(Collected data entries)
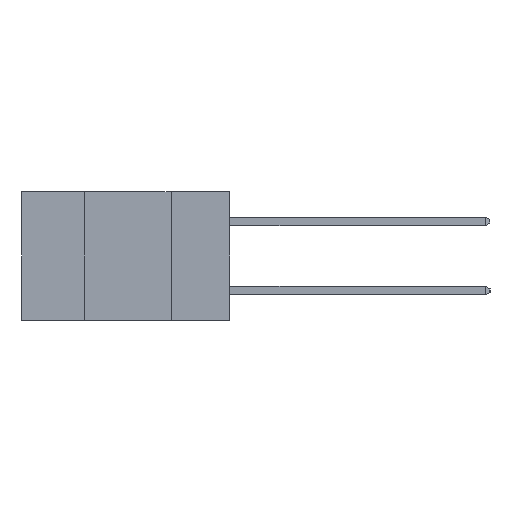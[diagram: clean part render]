
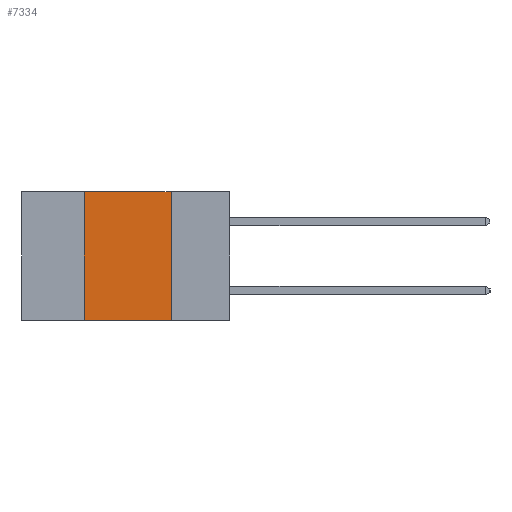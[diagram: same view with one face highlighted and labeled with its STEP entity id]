
A CAD part, left-side view. The second image highlights one B-rep face of the part: STEP entity #7334.
In plain terms, the highlighted planar face has unit normal (-1, 0, 0).
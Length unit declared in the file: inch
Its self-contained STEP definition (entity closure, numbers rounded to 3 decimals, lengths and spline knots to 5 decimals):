
#222 = DIRECTION ( 'NONE',  ( 0., 0., -1. ) ) ;
#479 = FACE_OUTER_BOUND ( 'NONE', #9932, .T. ) ;
#1035 = CARTESIAN_POINT ( 'NONE',  ( 0., 0.17, -0.37 ) ) ;
#1141 = CARTESIAN_POINT ( 'NONE',  ( 0., 0.42, 0. ) ) ;
#1195 = CARTESIAN_POINT ( 'NONE',  ( 0., 0.6, -0.37 ) ) ;
#1263 = DIRECTION ( 'NONE',  ( 0., -1., 0. ) ) ;
#1390 = ORIENTED_EDGE ( 'NONE', *, *, #9498, .T. ) ;
#1923 = VECTOR ( 'NONE', #2901, 39.37008 ) ;
#2281 = CARTESIAN_POINT ( 'NONE',  ( 0., 0.42, -0.37 ) ) ;
#2331 = DIRECTION ( 'NONE',  ( 0., 0., -1. ) ) ;
#2340 = VERTEX_POINT ( 'NONE', #6407 ) ;
#2349 = DIRECTION ( 'NONE',  ( 1., 0., 0. ) ) ;
#2375 = PLANE ( 'NONE',  #2472 ) ;
#2390 = CARTESIAN_POINT ( 'NONE',  ( 0., 0.6, 0. ) ) ;
#2472 = AXIS2_PLACEMENT_3D ( 'NONE', #2390, #2349, #2331 ) ;
#2803 = EDGE_CURVE ( 'NONE', #5878, #2340, #8535, .T. ) ;
#2901 = DIRECTION ( 'NONE',  ( 0., -1., 0. ) ) ;
#3026 = ORIENTED_EDGE ( 'NONE', *, *, #2803, .F. ) ;
#3203 = VECTOR ( 'NONE', #222, 39.37008 ) ;
#3445 = EDGE_CURVE ( 'NONE', #11425, #9500, #8222, .T. ) ;
#3708 = LINE ( 'NONE', #1195, #9610 ) ;
#4645 = LINE ( 'NONE', #8908, #1923 ) ;
#5722 = ORIENTED_EDGE ( 'NONE', *, *, #10455, .F. ) ;
#5878 = VERTEX_POINT ( 'NONE', #9525 ) ;
#6407 = CARTESIAN_POINT ( 'NONE',  ( 0., 0.17, -0.37 ) ) ;
#7334 = ADVANCED_FACE ( 'NONE', ( #479 ), #2375, .F. ) ;
#7603 = CARTESIAN_POINT ( 'NONE',  ( 0., 0.42, -0.37 ) ) ;
#7806 = DIRECTION ( 'NONE',  ( 0., 0., 1. ) ) ;
#8222 = LINE ( 'NONE', #7603, #12509 ) ;
#8535 = LINE ( 'NONE', #1035, #3203 ) ;
#8908 = CARTESIAN_POINT ( 'NONE',  ( 0., 0.6, 0. ) ) ;
#9498 = EDGE_CURVE ( 'NONE', #11425, #2340, #3708, .T. ) ;
#9500 = VERTEX_POINT ( 'NONE', #1141 ) ;
#9525 = CARTESIAN_POINT ( 'NONE',  ( 0., 0.17, 0. ) ) ;
#9610 = VECTOR ( 'NONE', #1263, 39.37008 ) ;
#9932 = EDGE_LOOP ( 'NONE', ( #3026, #5722, #11443, #1390 ) ) ;
#10455 = EDGE_CURVE ( 'NONE', #9500, #5878, #4645, .T. ) ;
#11425 = VERTEX_POINT ( 'NONE', #2281 ) ;
#11443 = ORIENTED_EDGE ( 'NONE', *, *, #3445, .F. ) ;
#12509 = VECTOR ( 'NONE', #7806, 39.37008 ) ;
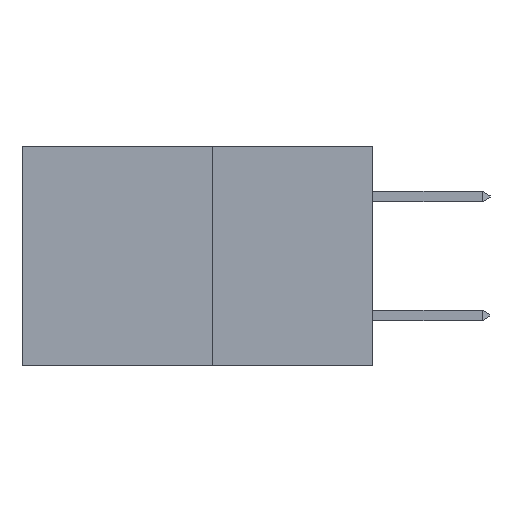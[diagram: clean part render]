
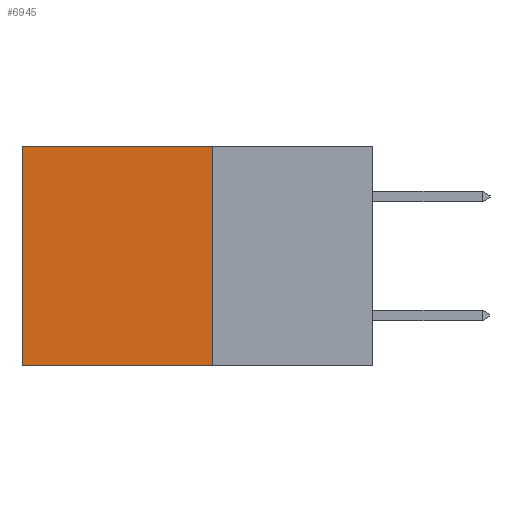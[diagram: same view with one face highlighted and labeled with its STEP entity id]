
A CAD part, left-side view. The second image highlights one B-rep face of the part: STEP entity #6945.
In plain terms, the highlighted planar face has unit normal (-1, 0, 0).
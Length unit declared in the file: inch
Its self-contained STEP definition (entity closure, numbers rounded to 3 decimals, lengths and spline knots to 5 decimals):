
#249 = VECTOR ( 'NONE', #12378, 39.37008 ) ;
#409 = ORIENTED_EDGE ( 'NONE', *, *, #14421, .F. ) ;
#650 = ORIENTED_EDGE ( 'NONE', *, *, #1736, .T. ) ;
#1446 = EDGE_CURVE ( 'NONE', #16672, #17522, #14764, .T. ) ;
#1736 = EDGE_CURVE ( 'NONE', #4590, #16672, #17441, .T. ) ;
#1850 = VECTOR ( 'NONE', #3544, 39.37008 ) ;
#2566 = VECTOR ( 'NONE', #4125, 39.37008 ) ;
#2974 = EDGE_LOOP ( 'NONE', ( #5448, #17964, #409, #650 ) ) ;
#3544 = DIRECTION ( 'NONE',  ( 0., 1., 0. ) ) ;
#4125 = DIRECTION ( 'NONE',  ( 0., 0., -1. ) ) ;
#4226 = LINE ( 'NONE', #9354, #249 ) ;
#4590 = VERTEX_POINT ( 'NONE', #8049 ) ;
#5153 = DIRECTION ( 'NONE',  ( 1., 0., 0. ) ) ;
#5448 = ORIENTED_EDGE ( 'NONE', *, *, #1446, .T. ) ;
#6945 = ADVANCED_FACE ( 'NONE', ( #11359 ), #16754, .F. ) ;
#8049 = CARTESIAN_POINT ( 'NONE',  ( 0.277, 0.27, 0. ) ) ;
#8107 = CARTESIAN_POINT ( 'NONE',  ( 0.277, 0.27, -0.37 ) ) ;
#8899 = CARTESIAN_POINT ( 'NONE',  ( 0.277, 0.59, -0.37 ) ) ;
#8991 = AXIS2_PLACEMENT_3D ( 'NONE', #13955, #5153, #15359 ) ;
#9354 = CARTESIAN_POINT ( 'NONE',  ( 0.277, 0.27, -0.37 ) ) ;
#9502 = CARTESIAN_POINT ( 'NONE',  ( 0.277, 0.27, 0. ) ) ;
#9706 = LINE ( 'NONE', #8107, #17036 ) ;
#10421 = VERTEX_POINT ( 'NONE', #17475 ) ;
#11048 = DIRECTION ( 'NONE',  ( 0., 0., -1. ) ) ;
#11359 = FACE_OUTER_BOUND ( 'NONE', #2974, .T. ) ;
#11905 = CARTESIAN_POINT ( 'NONE',  ( 0.277, 0.59, 0. ) ) ;
#12378 = DIRECTION ( 'NONE',  ( 0., 1., 0. ) ) ;
#13955 = CARTESIAN_POINT ( 'NONE',  ( 0.277, 0.27, -0.37 ) ) ;
#14317 = EDGE_CURVE ( 'NONE', #10421, #17522, #4226, .T. ) ;
#14421 = EDGE_CURVE ( 'NONE', #4590, #10421, #9706, .T. ) ;
#14764 = LINE ( 'NONE', #8899, #2566 ) ;
#15359 = DIRECTION ( 'NONE',  ( 0., 0., -1. ) ) ;
#16672 = VERTEX_POINT ( 'NONE', #11905 ) ;
#16754 = PLANE ( 'NONE',  #8991 ) ;
#17036 = VECTOR ( 'NONE', #11048, 39.37008 ) ;
#17410 = CARTESIAN_POINT ( 'NONE',  ( 0.277, 0.59, -0.37 ) ) ;
#17441 = LINE ( 'NONE', #9502, #1850 ) ;
#17475 = CARTESIAN_POINT ( 'NONE',  ( 0.277, 0.27, -0.37 ) ) ;
#17522 = VERTEX_POINT ( 'NONE', #17410 ) ;
#17964 = ORIENTED_EDGE ( 'NONE', *, *, #14317, .F. ) ;

** To do **
Set down only these lines, exactly: the one containing "#17410 = CARTESIAN_POINT" and each line after it through the end of the entries above.

** Completed exercise **
#17410 = CARTESIAN_POINT ( 'NONE',  ( 0.277, 0.59, -0.37 ) ) ;
#17441 = LINE ( 'NONE', #9502, #1850 ) ;
#17475 = CARTESIAN_POINT ( 'NONE',  ( 0.277, 0.27, -0.37 ) ) ;
#17522 = VERTEX_POINT ( 'NONE', #17410 ) ;
#17964 = ORIENTED_EDGE ( 'NONE', *, *, #14317, .F. ) ;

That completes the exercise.